What is Google Chrome and why do I have it? The date is February 1, 2014. Is this why my mini mac is running slow?


----------



## Nevada (Sep 9, 2004)

Maura said:


> What is Google Chrome and why do I have it? The date is February 1, 2014. Is this why my mini mac is running slow?


It's just another web browser, similar to Internet Explorer and Firefox. Google is really pushing Chrome so it's bundled with a lot of other applications. You could have gotten it from a variety of sources.

No, the presence of Chrome shouldn't make your computer slow.


----------



## Maura (Jun 6, 2004)

thanks


----------



## Annsni (Oct 27, 2006)

It's how I'm seeing you right now!!


----------



## mnn2501 (Apr 2, 2008)

To me, its the best browser as its not bogged down with a lot of extra's.


----------



## arabian knight (Dec 19, 2005)

mnn2501 said:


> To me, its the best browser as its not bogged down with a lot of extra's.


 You got that right. I have several friends that Chrome got downloaded by mistake on their machines and slowed them up just terribly, just took over.~!
I have had that myself with different ones over time. Get rid of those and the machine got faster again, same thing with those that have had so much trouble with their machines running XP with Chrome it is no good, and slowed my friends computers to a crawl. They dumped Chrome and gained back the speed once again. 
I am lucky that having an iMac and Safari is a very good browser.


----------



## Kung (Jan 19, 2004)

Chrome in and of itself is just fine; I use it on a constant basis in my job as an IT guy for the gov't. It's when you don't tweak it and allow a lot of addins to attach to it that it gets slow.
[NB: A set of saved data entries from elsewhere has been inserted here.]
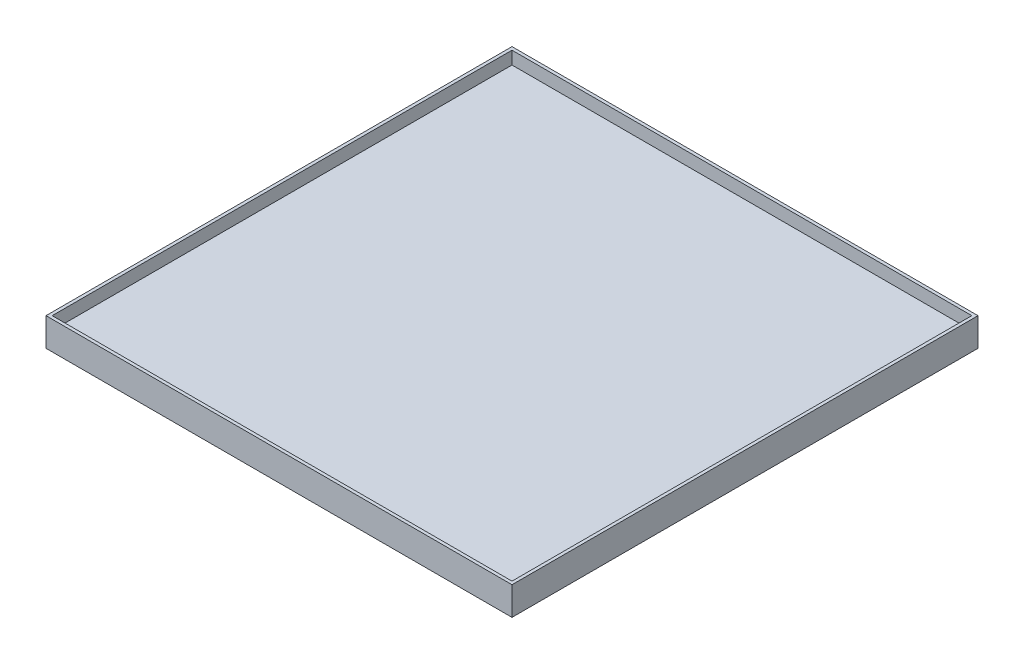
SolidWorks part; units mm, degrees
ref_plane "Plan de face" through (0, 0, 0) normal (0, 0, 1) x (1, 0, 0)
ref_plane "Plan de dessus" through (0, 0, 0) normal (0, 1, 0) x (1, 0, 0)
ref_plane "Plan de droite" through (0, 0, 0) normal (1, 0, 0) x (0, 0, -1)
sketch "Esquisse1" plane through (0, 0, 0) normal (0, 1, 0) x (1, 0, 0)
  line L1 (-905, 905) -> (905, 905)
  line L2 (-905, 905) -> (-905, -905)
  line L3 (-905, -905) -> (905, -905)
  line L4 (905, 905) -> (905, -905)
  dimension "D1" = 1810
  dimension "D2" = 1810
  dimension "D3" = 905
  dimension "D4" = 905
extrude "Boss.-Extru.1" add sketch "Esquisse1" along normal blind 10
sketch "Esquisse2" plane through (0, 0, 0) normal (0, -1, 0) x (-1, 0, 0)
  line L0 (875, -875) -> (875, 875)
  line L1 (905, -905) -> (-905, -905)
  line L2 (905, -905) -> (905, 905)
  line L3 (905, 905) -> (-905, 905)
  line L4 (-905, -905) -> (-905, 905)
  line L5 (875, 875) -> (-875, 875)
  line L6 (-875, -875) -> (-875, 875)
  line L7 (875, -875) -> (-875, -875)
  dimension "D1" = 30
extrude "Boss.-Extru.2" add sketch "Esquisse2" along normal blind 50
sketch "Esquisse3" plane through (0, 0, 0) normal (0, -1, 0) x (-1, 0, 0)
  line L0 (875, -875) -> (875, 875) construction
  line L1 (875, -305) -> (-875, -305)
  line L2 (875, -305) -> (875, -275)
  line L3 (875, -275) -> (-875, -275)
  line L4 (-875, -305) -> (-875, -275)
  line L5 (-875, 875) -> (-875, -875) construction
  line L6 (875, -875) -> (875, 875) construction
  line L7 (875, 275) -> (-875, 275)
  line L8 (875, 275) -> (875, 305)
  line L9 (875, 305) -> (-875, 305)
  line L10 (-875, 275) -> (-875, 305)
  line L11 (-905, -905) -> (905, -905) construction
  line L12 (905, 905) -> (-905, 905) construction
  dimension "D1" = 30
  dimension "D2" = 30
  dimension "D3" = 600
  dimension "D4" = 600
extrude "Boss.-Extru.3" add sketch "Esquisse3" along normal blind 50
sketch "Esquisse4" plane through (0, 0, 0) normal (0, -1, 0) x (-1, 0, 0)
  line L0 (-875, -875) -> (875, -875) construction
  line L1 (335, -875) -> (305, -875)
  line L2 (335, -875) -> (335, 875)
  line L3 (335, 875) -> (305, 875)
  line L4 (305, -875) -> (305, 875)
  line L5 (875, 875) -> (-875, 875) construction
  line L6 (-875, -875) -> (875, -875) construction
  line L7 (-305, -875) -> (-335, -875)
  line L8 (-305, -875) -> (-305, 875)
  line L9 (-305, 875) -> (-335, 875)
  line L10 (-335, -875) -> (-335, 875)
  line L11 (905, -905) -> (905, 905) construction
  line L12 (-905, 905) -> (-905, -905) construction
  dimension "D1" = 30
  dimension "D2" = 30
  dimension "D3" = 600
  dimension "D4" = 600
extrude "Boss.-Extru.4" add sketch "Esquisse4" along normal blind 50
sketch "Esquisse5" plane through (0, 10, 0) normal (0, 1, 0) x (1, 0, 0)
  line L0 (-893, 893) -> (-893, -893)
  line L1 (-905, 905) -> (905, 905)
  line L2 (-905, 905) -> (-905, -905)
  line L3 (-905, -905) -> (905, -905)
  line L4 (905, 905) -> (905, -905)
  line L5 (-893, -893) -> (893, -893)
  line L6 (893, 893) -> (893, -893)
  line L7 (-893, 893) -> (893, 893)
  dimension "D1" = 12
extrude "Boss.-Extru.5" add sketch "Esquisse5" along normal blind 50
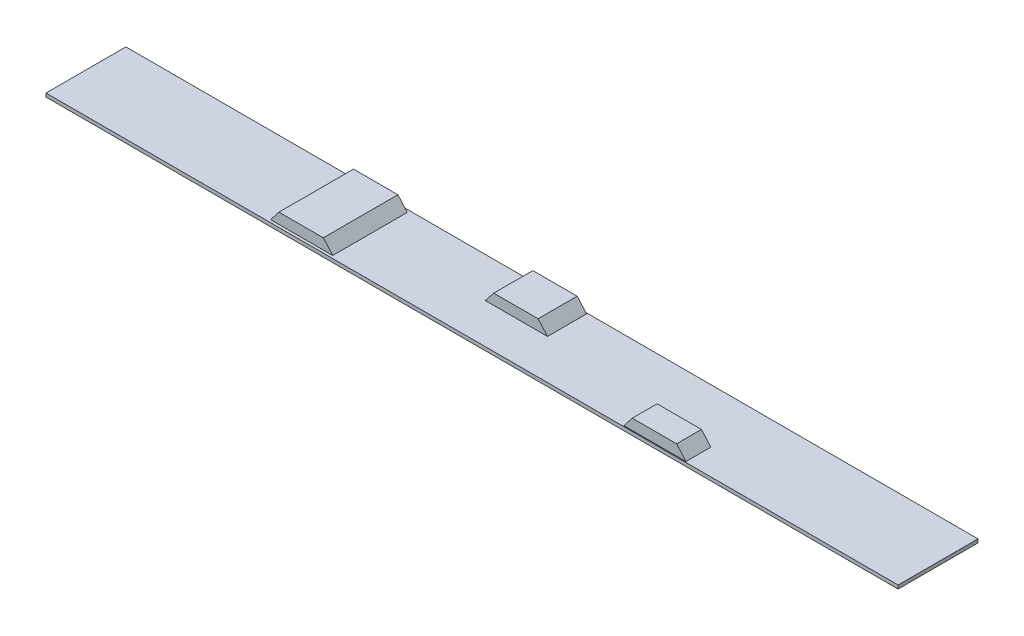
SolidWorks part; units mm, degrees
ref_plane "Front Plane" through (0, 0, 0) normal (0, 0, 1) x (1, 0, 0)
ref_plane "Top Plane" through (0, 0, 0) normal (0, 1, 0) x (1, 0, 0)
ref_plane "Right Plane" through (0, 0, 0) normal (1, 0, 0) x (0, 0, -1)
sketch "Sketch1" plane through (0, 0, 0) normal (0, 1, 0) x (1, 0, 0)
  line L1 (-1200, 112.5) -> (1200, 112.5)
  line L2 (-1200, 112.5) -> (-1200, -112.5)
  line L3 (-1200, -112.5) -> (1200, -112.5)
  line L4 (1200, 112.5) -> (1200, -112.5)
  line L5 (-1200, 112.5) -> (1200, -112.5) construction
  line L6 (-1200, -112.5) -> (1200, 112.5) construction
  point P0 (0, 0)
  dimension "D1" = 2400
  dimension "D2" = 225
extrude "Boss-Extrude1" add sketch "Sketch1" along normal blind 10
sketch "Sketch4" plane through (0, 0, 0) normal (0, 0, 1) x (1, 0, 0)
  line L0 (600, 10) -> (425, 10)
  line L1 (-1200, 10) -> (1200, 10) construction
  line L2 (1200, 10) -> (1200, 0) construction
  line L3 (600, 10) -> (573.6096, 40)
  line L4 (573.6096, 40) -> (448.6096, 40)
  line L5 (448.6096, 40) -> (425, 10)
  dimension "D1" = 175
  dimension "D2" = 600
  dimension "D3" = 125
  dimension "D4" = 30
extrude "Boss-Extrude2" add sketch "Sketch4" along normal blind 70 from offset 40
sketch "Sketch10" plane through (0, 0, 0) normal (0, 0, 1) x (1, 0, 0)
  line L0 (-75, 10) -> (100, 10)
  line L1 (-51.3904, 40) -> (-75, 10)
  line L2 (73.6096, 40) -> (-51.3904, 40)
  line L3 (100, 10) -> (73.6096, 40)
  line L4 (425, 10) -> (600, 10)
  line L5 (448.6096, 40) -> (425, 10)
  line L6 (573.6096, 40) -> (448.6096, 40)
  line L7 (600, 10) -> (573.6096, 40)
  line L8 (425, 10) -> (600, 10) construction
  line L9 (448.6096, 40) -> (425, 10) construction
  line L10 (573.6096, 40) -> (448.6096, 40) construction
  line L11 (600, 10) -> (573.6096, 40) construction
  dimension "D1" = 0
  dimension "D2" = 2
extrude "Boss-Extrude5" add sketch "Sketch10" against normal blind 110
sketch "Sketch11" plane through (0, 0, 0) normal (0, 0, 1) x (1, 0, 0)
  line L0 (-575, 10) -> (-400, 10)
  line L1 (-551.3904, 40) -> (-575, 10)
  line L2 (-426.3904, 40) -> (-551.3904, 40)
  line L3 (-400, 10) -> (-426.3904, 40)
  line L4 (425, 10) -> (600, 10)
  line L5 (448.6096, 40) -> (425, 10)
  line L6 (573.6096, 40) -> (448.6096, 40)
  line L7 (600, 10) -> (573.6096, 40)
  line L8 (425, 10) -> (600, 10) construction
  line L9 (448.6096, 40) -> (425, 10) construction
  line L10 (573.6096, 40) -> (448.6096, 40) construction
  line L11 (600, 10) -> (573.6096, 40) construction
  dimension "D1" = 0
  dimension "D2" = 2
extrude "Boss-Extrude6" add sketch "Sketch11" along normal mid plane 210

This said, I WILL allow that just like IE tends to open the fastest on a Windows computer, and operate a bit faster, so does Safari open and operate a bit faster on a Mac.


----------



## firestick (Oct 19, 2008)

I am running XP. Chrome has been my go to browser for a long time now with very few problems. I used to use firefox, it was okay. Always disliked Internet Exploder and just never cared for Safari or Opera.


----------